Winter storm in the United States

From December 31, 1963, to January 1, 1964, a significant winter storm occurred over most of the Southern United States. The storm began when a surface low-pressure system moved northward through the eastern Gulf of Mexico and up the Fall Line east of the Appalachians, leading to a snowstorm from the central Gulf coast northward into Tennessee. Three people perished during the storm, and travel was severely restricted for a couple of days following the snowfall. The strong winds accompanied by heavy snow fall set historic new snowfall records in Alabama.

==Synoptic history==

A shortwave in the southern stream of the Westerlies closed off as it approached the central United States Gulf of Mexico coastline. A surface cyclone formed in the Yucatán Peninsula of Mexico, slowly deepening as it moved north-northeast across the eastern Gulf. Cold air was residing across the Deep South in advance of this system, and as the surface cyclone tracked across northern Florida, heavy snowfall fell in its comma head from the Mouth of the Mississippi River northeast through Mississippi and Alabama into Tennessee, where the snow persisted into January 1. The cyclone ultimately moved along the east coast of the United States and Atlantic Canada, moving out into the far north Atlantic as a strengthening storm.

==Effects==
Southeast Louisiana saw 4 to 8 in, mainly east of the Mississippi river, with New Orleans, Louisiana measuring 4.5 in. Damages totalled at least US$50,000 (1963 dollars). A stripe of 15 to 17 in of snow fell across portions of Mississippi, northwest Alabama, and into Tennessee, with lesser amounts falling on either side of this axis. Tree branches and power lines were downed as over a foot of snow fell in a band across eastern Mississippi. Three people lost their lives in traffic accidents relating to the storm. Damage totalled at least US$50,000. Across Alabama, Huntsville recorded 17.1 in of snow, setting a new record for daily, weekly, and monthly snowfall. It was the worst snow storm for the area since 1899. In Mississippi, Meridian saw 15 in while Bay St. Louis saw a 10.5 in snowfall. This became the snowiest day in Biloxi, Mississippi history. Mobile, Alabama measured 2 in of snow. Many roads and highways were impassable for two to three days after the snow fell. Damage totaled at least US$550,000 (1963 dollars).
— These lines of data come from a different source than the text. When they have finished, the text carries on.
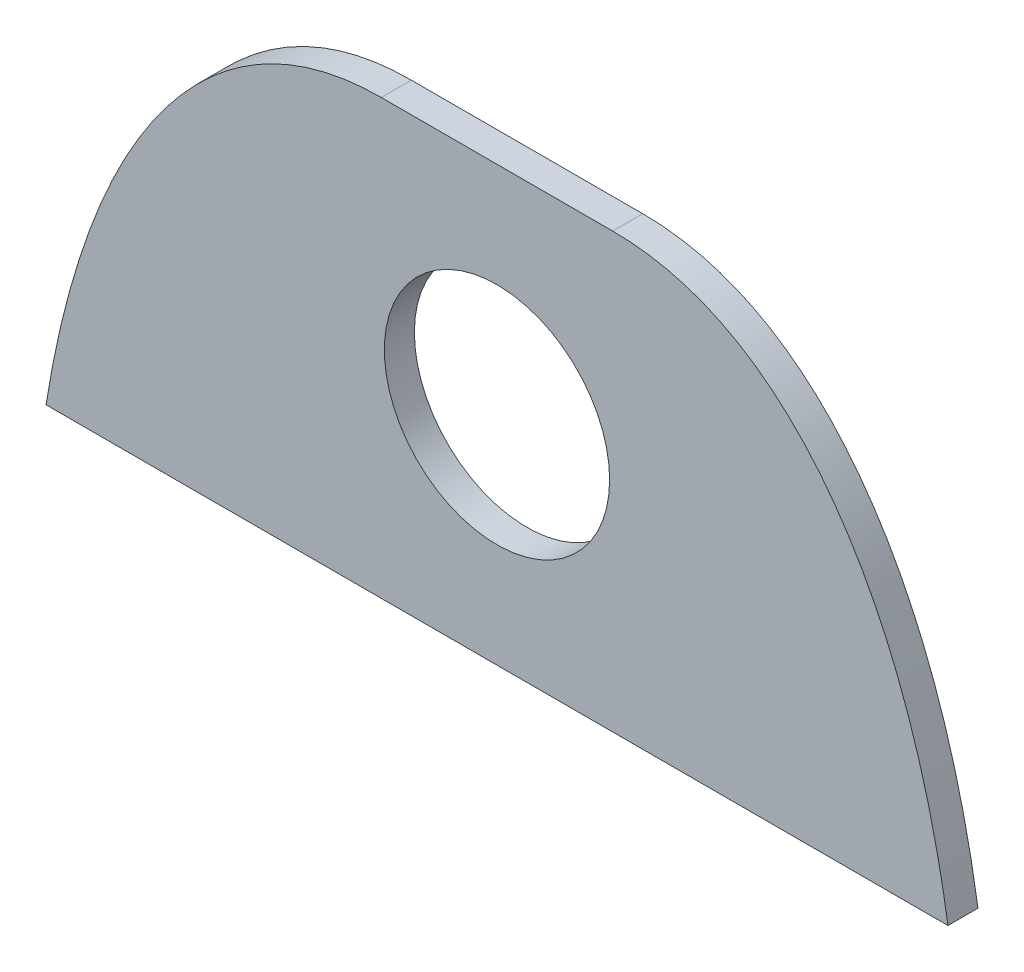
ISO-10303-21;
HEADER;
FILE_DESCRIPTION(('STEP AP214'),'2;1');
FILE_NAME('part.step','',(''),(''),'','','');
FILE_SCHEMA(('AUTOMOTIVE_DESIGN { 1 0 10303 214 1 1 1 1 }'));
ENDSEC;
DATA;
#1=APPLICATION_CONTEXT('core data for automotive mechanical design processes');
#2=APPLICATION_PROTOCOL_DEFINITION('international standard','automotive_design',2000,#1);
#3=PRODUCT_CONTEXT('',#1,'mechanical');
#4=PRODUCT('Part','Part','',(#3));
#5=PRODUCT_RELATED_PRODUCT_CATEGORY('part','',(#4));
#6=PRODUCT_DEFINITION_FORMATION('','',#4);
#7=PRODUCT_DEFINITION_CONTEXT('part definition',#1,'design');
#8=PRODUCT_DEFINITION('design','',#6,#7);
#9=PRODUCT_DEFINITION_SHAPE('','',#8);
#10=(LENGTH_UNIT() NAMED_UNIT(*) SI_UNIT(.MILLI.,.METRE.));
#11=(NAMED_UNIT(*) PLANE_ANGLE_UNIT() SI_UNIT($,.RADIAN.));
#12=(NAMED_UNIT(*) SI_UNIT($,.STERADIAN.) SOLID_ANGLE_UNIT());
#13=UNCERTAINTY_MEASURE_WITH_UNIT(LENGTH_MEASURE(1.E-05),#10,'distance_accuracy_value','');
#14=(GEOMETRIC_REPRESENTATION_CONTEXT(3) GLOBAL_UNCERTAINTY_ASSIGNED_CONTEXT((#13)) GLOBAL_UNIT_ASSIGNED_CONTEXT((#10,
#11,#12)) REPRESENTATION_CONTEXT('',''));
#15=CARTESIAN_POINT('',(0.,0.,0.));
#16=DIRECTION('',(0.,0.,1.));
#17=DIRECTION('',(1.,0.,0.));
#18=AXIS2_PLACEMENT_3D('',#15,#16,#17);
#19=CARTESIAN_POINT('',(5.66946098612702,7.33530402938872,0.508));
#20=CARTESIAN_POINT('',(5.24399608609414,7.33530402938872,0.508));
#21=CARTESIAN_POINT('',(4.82870261388946,7.27466993287705,0.508));
#22=CARTESIAN_POINT('',(4.22236554574973,7.08474385358666,0.508));
#23=CARTESIAN_POINT('',(4.02461723723038,7.00508067398969,0.508));
#24=CARTESIAN_POINT('',(3.64748565891863,6.81918342127818,0.508));
#25=CARTESIAN_POINT('',(3.46649138673624,6.71248359802857,0.508));
#26=CARTESIAN_POINT('',(3.11843433597096,6.47378192656136,0.508));
#27=CARTESIAN_POINT('',(2.95096324808215,6.34117499174921,0.508));
#28=CARTESIAN_POINT('',(2.63715643816514,6.06047445688974,0.508));
#29=CARTESIAN_POINT('',(2.48955789656992,5.91162915855113,0.508));
#30=CARTESIAN_POINT('',(2.07054123556324,5.44338386014078,0.508));
#31=CARTESIAN_POINT('',(1.82099770892891,5.09952827246685,0.508));
#32=CARTESIAN_POINT('',(1.15988363679891,4.02348098614177,0.508));
#33=CARTESIAN_POINT('',(0.833207908036054,3.25461560426947,0.508));
#34=CARTESIAN_POINT('',(0.445697358196499,2.05503805428413,0.508));
#35=CARTESIAN_POINT('',(0.334748925713697,1.64770618611744,0.508));
#36=CARTESIAN_POINT('',(0.144996604274143,0.828712341510663,0.508));
#37=CARTESIAN_POINT('',(0.0658201697768552,0.415806296298574,0.508));
#38=CARTESIAN_POINT('',(0.,0.,0.508));
#39=B_SPLINE_CURVE_WITH_KNOTS('',3,(#19,#20,#21,#22,#23,#24,#25,#26,#27,#28,#29,#30,#31,#32,#33,
#34,#35,#36,#37,#38),.UNSPECIFIED.,.F.,.F.,(4,2,2,2,2,2,2,2,2,4),(0.,0.125000000000001,
0.187500000000001,0.25,0.3125,0.375,0.499999999999999,0.749999999999999,0.875,1.),.UNSPECIFIED.);
#40=DIRECTION('',(0.,0.,-1.));
#41=VECTOR('',#40,1.);
#42=SURFACE_OF_LINEAR_EXTRUSION('',#39,#41);
#43=CARTESIAN_POINT('',(5.66946098612702,7.33530402938872,0.));
#44=CARTESIAN_POINT('',(5.24399608609414,7.33530402938872,0.));
#45=CARTESIAN_POINT('',(4.82870261388946,7.27466993287705,0.));
#46=CARTESIAN_POINT('',(4.22236554574973,7.08474385358666,0.));
#47=CARTESIAN_POINT('',(4.02461723723038,7.00508067398969,0.));
#48=CARTESIAN_POINT('',(3.64748565891863,6.81918342127818,0.));
#49=CARTESIAN_POINT('',(3.46649138673624,6.71248359802857,0.));
#50=CARTESIAN_POINT('',(3.11843433597096,6.47378192656136,0.));
#51=CARTESIAN_POINT('',(2.95096324808215,6.34117499174921,0.));
#52=CARTESIAN_POINT('',(2.63715643816514,6.06047445688974,0.));
#53=CARTESIAN_POINT('',(2.48955789656992,5.91162915855113,0.));
#54=CARTESIAN_POINT('',(2.07054123556324,5.44338386014078,0.));
#55=CARTESIAN_POINT('',(1.82099770892891,5.09952827246685,0.));
#56=CARTESIAN_POINT('',(1.15988363679891,4.02348098614177,0.));
#57=CARTESIAN_POINT('',(0.833207908036054,3.25461560426947,0.));
#58=CARTESIAN_POINT('',(0.445697358196499,2.05503805428413,0.));
#59=CARTESIAN_POINT('',(0.334748925713697,1.64770618611744,0.));
#60=CARTESIAN_POINT('',(0.144996604274143,0.828712341510663,0.));
#61=CARTESIAN_POINT('',(0.0658201697768552,0.415806296298574,0.));
#62=CARTESIAN_POINT('',(0.,0.,0.));
#63=B_SPLINE_CURVE_WITH_KNOTS('',3,(#43,#44,#45,#46,#47,#48,#49,#50,#51,#52,#53,#54,#55,#56,#57,
#58,#59,#60,#61,#62),.UNSPECIFIED.,.F.,.F.,(4,2,2,2,2,2,2,2,2,4),(0.,0.125000000000001,
0.187500000000001,0.25,0.3125,0.375,0.499999999999999,0.749999999999999,0.875,1.),.UNSPECIFIED.);
#64=CARTESIAN_POINT('',(5.66946098612702,7.33530402938872,0.));
#65=VERTEX_POINT('',#64);
#66=CARTESIAN_POINT('',(0.,0.,0.));
#67=VERTEX_POINT('',#66);
#68=EDGE_CURVE('E136',#65,#67,#63,.T.);
#69=ORIENTED_EDGE('',*,*,#68,.T.);
#70=DIRECTION('',(0.,0.,-1.));
#71=VECTOR('',#70,1.);
#72=CARTESIAN_POINT('',(0.,0.,0.508));
#73=LINE('',#72,#71);
#74=CARTESIAN_POINT('',(0.,0.,0.508));
#75=VERTEX_POINT('',#74);
#76=EDGE_CURVE('E11',#75,#67,#73,.T.);
#77=ORIENTED_EDGE('',*,*,#76,.F.);
#78=CARTESIAN_POINT('',(0.,0.,0.508));
#79=CARTESIAN_POINT('',(0.0658201697768552,0.415806296298574,0.508));
#80=CARTESIAN_POINT('',(0.144996604274143,0.828712341510663,0.508));
#81=CARTESIAN_POINT('',(0.334748925713697,1.64770618611744,0.508));
#82=CARTESIAN_POINT('',(0.445697358196499,2.05503805428413,0.508));
#83=CARTESIAN_POINT('',(0.833207908036054,3.25461560426947,0.508));
#84=CARTESIAN_POINT('',(1.15988363679891,4.02348098614177,0.508));
#85=CARTESIAN_POINT('',(1.82099770892891,5.09952827246685,0.508));
#86=CARTESIAN_POINT('',(2.07054123556324,5.44338386014078,0.508));
#87=CARTESIAN_POINT('',(2.48955789656992,5.91162915855113,0.508));
#88=CARTESIAN_POINT('',(2.63715643816514,6.06047445688974,0.508));
#89=CARTESIAN_POINT('',(2.95096324808215,6.34117499174921,0.508));
#90=CARTESIAN_POINT('',(3.11843433597096,6.47378192656136,0.508));
#91=CARTESIAN_POINT('',(3.46649138673624,6.71248359802857,0.508));
#92=CARTESIAN_POINT('',(3.64748565891863,6.81918342127818,0.508));
#93=CARTESIAN_POINT('',(4.02461723723038,7.00508067398969,0.508));
#94=CARTESIAN_POINT('',(4.22236554574973,7.08474385358666,0.508));
#95=CARTESIAN_POINT('',(4.82870261388946,7.27466993287705,0.508));
#96=CARTESIAN_POINT('',(5.24399608609414,7.33530402938872,0.508));
#97=CARTESIAN_POINT('',(5.66946098612702,7.33530402938872,0.508));
#98=B_SPLINE_CURVE_WITH_KNOTS('',3,(#78,#79,#80,#81,#82,#83,#84,#85,#86,#87,#88,#89,#90,#91,#92,
#93,#94,#95,#96,#97),.UNSPECIFIED.,.F.,.F.,(4,2,2,2,2,2,2,2,2,4),(0.,0.125,0.250000000000001,
0.500000000000001,0.625,0.6875,0.75,0.812499999999999,0.874999999999999,1.),.UNSPECIFIED.);
#99=CARTESIAN_POINT('',(5.66946098612702,7.33530402938872,0.508));
#100=VERTEX_POINT('',#99);
#101=EDGE_CURVE('E87',#100,#75,#98,.F.);
#102=ORIENTED_EDGE('',*,*,#101,.F.);
#103=DIRECTION('',(0.,0.,-1.));
#104=VECTOR('',#103,1.);
#105=CARTESIAN_POINT('',(5.66946098612702,7.33530402938872,0.508));
#106=LINE('',#105,#104);
#107=EDGE_CURVE('E196',#100,#65,#106,.T.);
#108=ORIENTED_EDGE('',*,*,#107,.T.);
#109=EDGE_LOOP('',(#69,#77,#102,#108));
#110=FACE_BOUND('',#109,.T.);
#111=ADVANCED_FACE('F30',(#110),#42,.F.);
#112=CARTESIAN_POINT('',(0.,0.,0.508));
#113=DIRECTION('',(0.,1.,0.));
#114=DIRECTION('',(0.,0.,1.));
#115=AXIS2_PLACEMENT_3D('',#112,#113,#114);
#116=PLANE('',#115);
#117=DIRECTION('',(1.,0.,0.));
#118=VECTOR('',#117,1.);
#119=CARTESIAN_POINT('',(0.,0.,0.));
#120=LINE('',#119,#118);
#121=CARTESIAN_POINT('',(15.2521996818164,0.,0.));
#122=VERTEX_POINT('',#121);
#123=EDGE_CURVE('E92',#67,#122,#120,.T.);
#124=ORIENTED_EDGE('',*,*,#123,.T.);
#125=DIRECTION('',(0.,0.,-1.));
#126=VECTOR('',#125,1.);
#127=CARTESIAN_POINT('',(15.2521996818164,0.,0.508));
#128=LINE('',#127,#126);
#129=CARTESIAN_POINT('',(15.2521996818164,0.,0.508));
#130=VERTEX_POINT('',#129);
#131=EDGE_CURVE('E41',#130,#122,#128,.T.);
#132=ORIENTED_EDGE('',*,*,#131,.F.);
#133=DIRECTION('',(1.,0.,0.));
#134=VECTOR('',#133,1.);
#135=CARTESIAN_POINT('',(0.,0.,0.508));
#136=LINE('',#135,#134);
#137=EDGE_CURVE('E81',#75,#130,#136,.T.);
#138=ORIENTED_EDGE('',*,*,#137,.F.);
#139=ORIENTED_EDGE('',*,*,#76,.T.);
#140=EDGE_LOOP('',(#124,#132,#138,#139));
#141=FACE_BOUND('',#140,.T.);
#142=ADVANCED_FACE('F91',(#141),#116,.F.);
#143=CARTESIAN_POINT('',(15.2521996818164,0.,0.508));
#144=CARTESIAN_POINT('',(15.1207046971776,0.830694340807583,0.508));
#145=CARTESIAN_POINT('',(14.9374978464808,1.64694484502402,0.508));
#146=CARTESIAN_POINT('',(14.5531063460122,2.84071305573713,0.508));
#147=CARTESIAN_POINT('',(14.4065113355869,3.23347840054969,0.508));
#148=CARTESIAN_POINT('',(14.0653978287484,4.00562340032727,0.508));
#149=CARTESIAN_POINT('',(13.8724360191829,4.38122054781542,0.508));
#150=CARTESIAN_POINT('',(13.4322374370997,5.09798558954534,0.508));
#151=CARTESIAN_POINT('',(13.1819829390798,5.44302710468932,0.508));
#152=CARTESIAN_POINT('',(12.6225692419024,6.06815241853398,0.508));
#153=CARTESIAN_POINT('',(12.3136272308752,6.34968751628862,0.508));
#154=CARTESIAN_POINT('',(11.7910410416017,6.7091891053938,0.508));
#155=CARTESIAN_POINT('',(11.6074269086612,6.81766862937541,0.508));
#156=CARTESIAN_POINT('',(11.230562195319,7.00378676662493,0.508));
#157=CARTESIAN_POINT('',(11.0359754824785,7.08240154661814,0.508));
#158=CARTESIAN_POINT('',(10.6338317079852,7.20918966695784,0.508));
#159=CARTESIAN_POINT('',(10.4251743864047,7.2573120185264,0.508));
#160=CARTESIAN_POINT('',(10.0066795562789,7.32008262209734,0.508));
#161=CARTESIAN_POINT('',(9.79558081524825,7.33530402939743,0.508));
#162=CARTESIAN_POINT('',(9.58273869568794,7.33530402939743,0.508));
#163=B_SPLINE_CURVE_WITH_KNOTS('',3,(#143,#144,#145,#146,#147,#148,#149,#150,#151,#152,#153,
#154,#155,#156,#157,#158,#159,#160,#161,#162),.UNSPECIFIED.,.F.,.F.,(4,2,2,2,2,2,2,2,2,4),(0.,
0.250000000000003,0.375000000000002,0.500000000000002,0.625000000000001,0.75,0.8125,0.875,
0.9375,1.),.UNSPECIFIED.);
#164=DIRECTION('',(0.,0.,-1.));
#165=VECTOR('',#164,1.);
#166=SURFACE_OF_LINEAR_EXTRUSION('',#163,#165);
#167=CARTESIAN_POINT('',(15.2521996818164,0.,0.));
#168=CARTESIAN_POINT('',(15.1207046971776,0.830694340807583,0.));
#169=CARTESIAN_POINT('',(14.9374978464808,1.64694484502402,0.));
#170=CARTESIAN_POINT('',(14.5531063460122,2.84071305573713,0.));
#171=CARTESIAN_POINT('',(14.4065113355869,3.23347840054969,0.));
#172=CARTESIAN_POINT('',(14.0653978287484,4.00562340032727,0.));
#173=CARTESIAN_POINT('',(13.8724360191829,4.38122054781542,0.));
#174=CARTESIAN_POINT('',(13.4322374370997,5.09798558954534,0.));
#175=CARTESIAN_POINT('',(13.1819829390798,5.44302710468932,0.));
#176=CARTESIAN_POINT('',(12.6225692419024,6.06815241853398,0.));
#177=CARTESIAN_POINT('',(12.3136272308752,6.34968751628862,0.));
#178=CARTESIAN_POINT('',(11.7910410416017,6.7091891053938,0.));
#179=CARTESIAN_POINT('',(11.6074269086612,6.81766862937541,0.));
#180=CARTESIAN_POINT('',(11.230562195319,7.00378676662493,0.));
#181=CARTESIAN_POINT('',(11.0359754824785,7.08240154661814,0.));
#182=CARTESIAN_POINT('',(10.6338317079852,7.20918966695784,0.));
#183=CARTESIAN_POINT('',(10.4251743864047,7.2573120185264,0.));
#184=CARTESIAN_POINT('',(10.0066795562789,7.32008262209734,0.));
#185=CARTESIAN_POINT('',(9.79558081524825,7.33530402939743,0.));
#186=CARTESIAN_POINT('',(9.58273869568794,7.33530402939743,0.));
#187=B_SPLINE_CURVE_WITH_KNOTS('',3,(#167,#168,#169,#170,#171,#172,#173,#174,#175,#176,#177,
#178,#179,#180,#181,#182,#183,#184,#185,#186),.UNSPECIFIED.,.F.,.F.,(4,2,2,2,2,2,2,2,2,4),(0.,
0.250000000000003,0.375000000000002,0.500000000000002,0.625000000000001,0.75,0.8125,0.875,
0.9375,1.),.UNSPECIFIED.);
#188=CARTESIAN_POINT('',(9.58273869568794,7.33530402939743,0.));
#189=VERTEX_POINT('',#188);
#190=EDGE_CURVE('E67',#122,#189,#187,.T.);
#191=ORIENTED_EDGE('',*,*,#190,.T.);
#192=DIRECTION('',(0.,0.,-1.));
#193=VECTOR('',#192,1.);
#194=CARTESIAN_POINT('',(9.58273869568794,7.33530402939743,0.508));
#195=LINE('',#194,#193);
#196=CARTESIAN_POINT('',(9.58273869568794,7.33530402939743,0.508));
#197=VERTEX_POINT('',#196);
#198=EDGE_CURVE('E93',#197,#189,#195,.T.);
#199=ORIENTED_EDGE('',*,*,#198,.F.);
#200=CARTESIAN_POINT('',(9.58273869568794,7.33530402939743,0.508));
#201=CARTESIAN_POINT('',(9.79558081524825,7.33530402939743,0.508));
#202=CARTESIAN_POINT('',(10.0066795562789,7.32008262209734,0.508));
#203=CARTESIAN_POINT('',(10.4251743864047,7.2573120185264,0.508));
#204=CARTESIAN_POINT('',(10.6338317079852,7.20918966695784,0.508));
#205=CARTESIAN_POINT('',(11.0359754824785,7.08240154661814,0.508));
#206=CARTESIAN_POINT('',(11.230562195319,7.00378676662493,0.508));
#207=CARTESIAN_POINT('',(11.6074269086612,6.81766862937541,0.508));
#208=CARTESIAN_POINT('',(11.7910410416017,6.7091891053938,0.508));
#209=CARTESIAN_POINT('',(12.3136272308752,6.34968751628862,0.508));
#210=CARTESIAN_POINT('',(12.6225692419024,6.06815241853398,0.508));
#211=CARTESIAN_POINT('',(13.1819829390798,5.44302710468932,0.508));
#212=CARTESIAN_POINT('',(13.4322374370997,5.09798558954534,0.508));
#213=CARTESIAN_POINT('',(13.8724360191829,4.38122054781542,0.508));
#214=CARTESIAN_POINT('',(14.0653978287484,4.00562340032727,0.508));
#215=CARTESIAN_POINT('',(14.4065113355869,3.23347840054969,0.508));
#216=CARTESIAN_POINT('',(14.5531063460122,2.84071305573713,0.508));
#217=CARTESIAN_POINT('',(14.9374978464808,1.64694484502402,0.508));
#218=CARTESIAN_POINT('',(15.1207046971776,0.830694340807583,0.508));
#219=CARTESIAN_POINT('',(15.2521996818164,0.,0.508));
#220=B_SPLINE_CURVE_WITH_KNOTS('',3,(#200,#201,#202,#203,#204,#205,#206,#207,#208,#209,#210,
#211,#212,#213,#214,#215,#216,#217,#218,#219),.UNSPECIFIED.,.F.,.F.,(4,2,2,2,2,2,2,2,2,4),(0.,
0.0624999999999999,0.125,0.1875,0.25,0.374999999999999,0.499999999999998,0.624999999999998,
0.749999999999997,1.),.UNSPECIFIED.);
#221=EDGE_CURVE('E84',#130,#197,#220,.F.);
#222=ORIENTED_EDGE('',*,*,#221,.F.);
#223=ORIENTED_EDGE('',*,*,#131,.T.);
#224=EDGE_LOOP('',(#191,#199,#222,#223));
#225=FACE_BOUND('',#224,.T.);
#226=ADVANCED_FACE('F96',(#225),#166,.F.);
#227=CARTESIAN_POINT('',(9.58273869568794,7.33530402939743,0.508));
#228=DIRECTION('',(2.22554591253856E-12,-1.,0.));
#229=DIRECTION('',(1.,2.22554591253856E-12,0.));
#230=AXIS2_PLACEMENT_3D('',#227,#228,#229);
#231=PLANE('',#230);
#232=DIRECTION('',(-1.,-2.22554591253856E-12,0.));
#233=VECTOR('',#232,1.);
#234=CARTESIAN_POINT('',(9.58273869568794,7.33530402939743,0.));
#235=LINE('',#234,#233);
#236=EDGE_CURVE('E74',#189,#65,#235,.T.);
#237=ORIENTED_EDGE('',*,*,#236,.T.);
#238=ORIENTED_EDGE('',*,*,#107,.F.);
#239=DIRECTION('',(-1.,-2.22554591253856E-12,0.));
#240=VECTOR('',#239,1.);
#241=CARTESIAN_POINT('',(9.58273869568794,7.33530402939743,0.508));
#242=LINE('',#241,#240);
#243=EDGE_CURVE('E50',#197,#100,#242,.T.);
#244=ORIENTED_EDGE('',*,*,#243,.F.);
#245=ORIENTED_EDGE('',*,*,#198,.T.);
#246=EDGE_LOOP('',(#237,#238,#244,#245));
#247=FACE_BOUND('',#246,.T.);
#248=ADVANCED_FACE('F115',(#247),#231,.F.);
#249=CARTESIAN_POINT('',(1.60062635155223,4.74084584369182,0.508));
#250=DIRECTION('',(0.,0.,-1.));
#251=DIRECTION('',(-1.,0.,0.));
#252=AXIS2_PLACEMENT_3D('',#249,#250,#251);
#253=PLANE('',#252);
#254=CARTESIAN_POINT('',(7.62609984090748,3.66765201469436,0.508));
#255=DIRECTION('',(0.,0.,1.));
#256=DIRECTION('',(1.,0.,0.));
#257=AXIS2_PLACEMENT_3D('',#254,#255,#256);
#258=CIRCLE('',#257,1.905);
#259=CARTESIAN_POINT('',(9.53109984090748,3.66765201469436,0.508));
#260=VERTEX_POINT('',#259);
#261=EDGE_CURVE('E128',#260,#260,#258,.T.);
#262=ORIENTED_EDGE('',*,*,#261,.F.);
#263=EDGE_LOOP('',(#262));
#264=FACE_BOUND('',#263,.T.);
#265=ORIENTED_EDGE('',*,*,#101,.T.);
#266=ORIENTED_EDGE('',*,*,#137,.T.);
#267=ORIENTED_EDGE('',*,*,#221,.T.);
#268=ORIENTED_EDGE('',*,*,#243,.T.);
#269=EDGE_LOOP('',(#265,#266,#267,#268));
#270=FACE_BOUND('',#269,.T.);
#271=ADVANCED_FACE('F82',(#264,#270),#253,.F.);
#272=CARTESIAN_POINT('',(1.60062635155223,4.74084584369182,0.));
#273=DIRECTION('',(0.,0.,-1.));
#274=DIRECTION('',(-1.,0.,0.));
#275=AXIS2_PLACEMENT_3D('',#272,#273,#274);
#276=PLANE('',#275);
#277=CARTESIAN_POINT('',(7.62609984090748,3.66765201469436,0.));
#278=DIRECTION('',(0.,0.,-1.));
#279=DIRECTION('',(-1.,0.,0.));
#280=AXIS2_PLACEMENT_3D('',#277,#278,#279);
#281=CIRCLE('',#280,1.905);
#282=CARTESIAN_POINT('',(5.72109984090748,3.66765201469436,0.));
#283=VERTEX_POINT('',#282);
#284=EDGE_CURVE('E35',#283,#283,#281,.T.);
#285=ORIENTED_EDGE('',*,*,#284,.F.);
#286=EDGE_LOOP('',(#285));
#287=FACE_BOUND('',#286,.T.);
#288=ORIENTED_EDGE('',*,*,#68,.F.);
#289=ORIENTED_EDGE('',*,*,#236,.F.);
#290=ORIENTED_EDGE('',*,*,#190,.F.);
#291=ORIENTED_EDGE('',*,*,#123,.F.);
#292=EDGE_LOOP('',(#288,#289,#290,#291));
#293=FACE_BOUND('',#292,.T.);
#294=ADVANCED_FACE('F166',(#287,#293),#276,.T.);
#295=CARTESIAN_POINT('',(7.62609984090748,3.66765201469436,-0.01));
#296=DIRECTION('',(0.,0.,1.));
#297=DIRECTION('',(1.,0.,0.));
#298=AXIS2_PLACEMENT_3D('',#295,#296,#297);
#299=CYLINDRICAL_SURFACE('',#298,1.905);
#300=ORIENTED_EDGE('',*,*,#284,.T.);
#301=EDGE_LOOP('',(#300));
#302=FACE_BOUND('',#301,.T.);
#303=ORIENTED_EDGE('',*,*,#261,.T.);
#304=EDGE_LOOP('',(#303));
#305=FACE_BOUND('',#304,.T.);
#306=ADVANCED_FACE('F168',(#302,#305),#299,.F.);
#307=CLOSED_SHELL('',(#111,#142,#226,#248,#271,#294,#306));
#308=MANIFOLD_SOLID_BREP('B2',#307);
#309=ADVANCED_BREP_SHAPE_REPRESENTATION('',(#18,#308),#14);
#310=SHAPE_DEFINITION_REPRESENTATION(#9,#309);
ENDSEC;
END-ISO-10303-21;

Across Tennessee, central and eastern sections of the state recorded over 6 in of snow, with up to 16 inches in south-central Tennessee at Lawrenceburg. Power and telephone lines were downed. Several boats were sunk at their docks when a shed covering them collapsed under the weight of the snow. Damage totaled more than US$50,000. Farther north across Pennsylvania on January 1, 3 in fell at Millersville.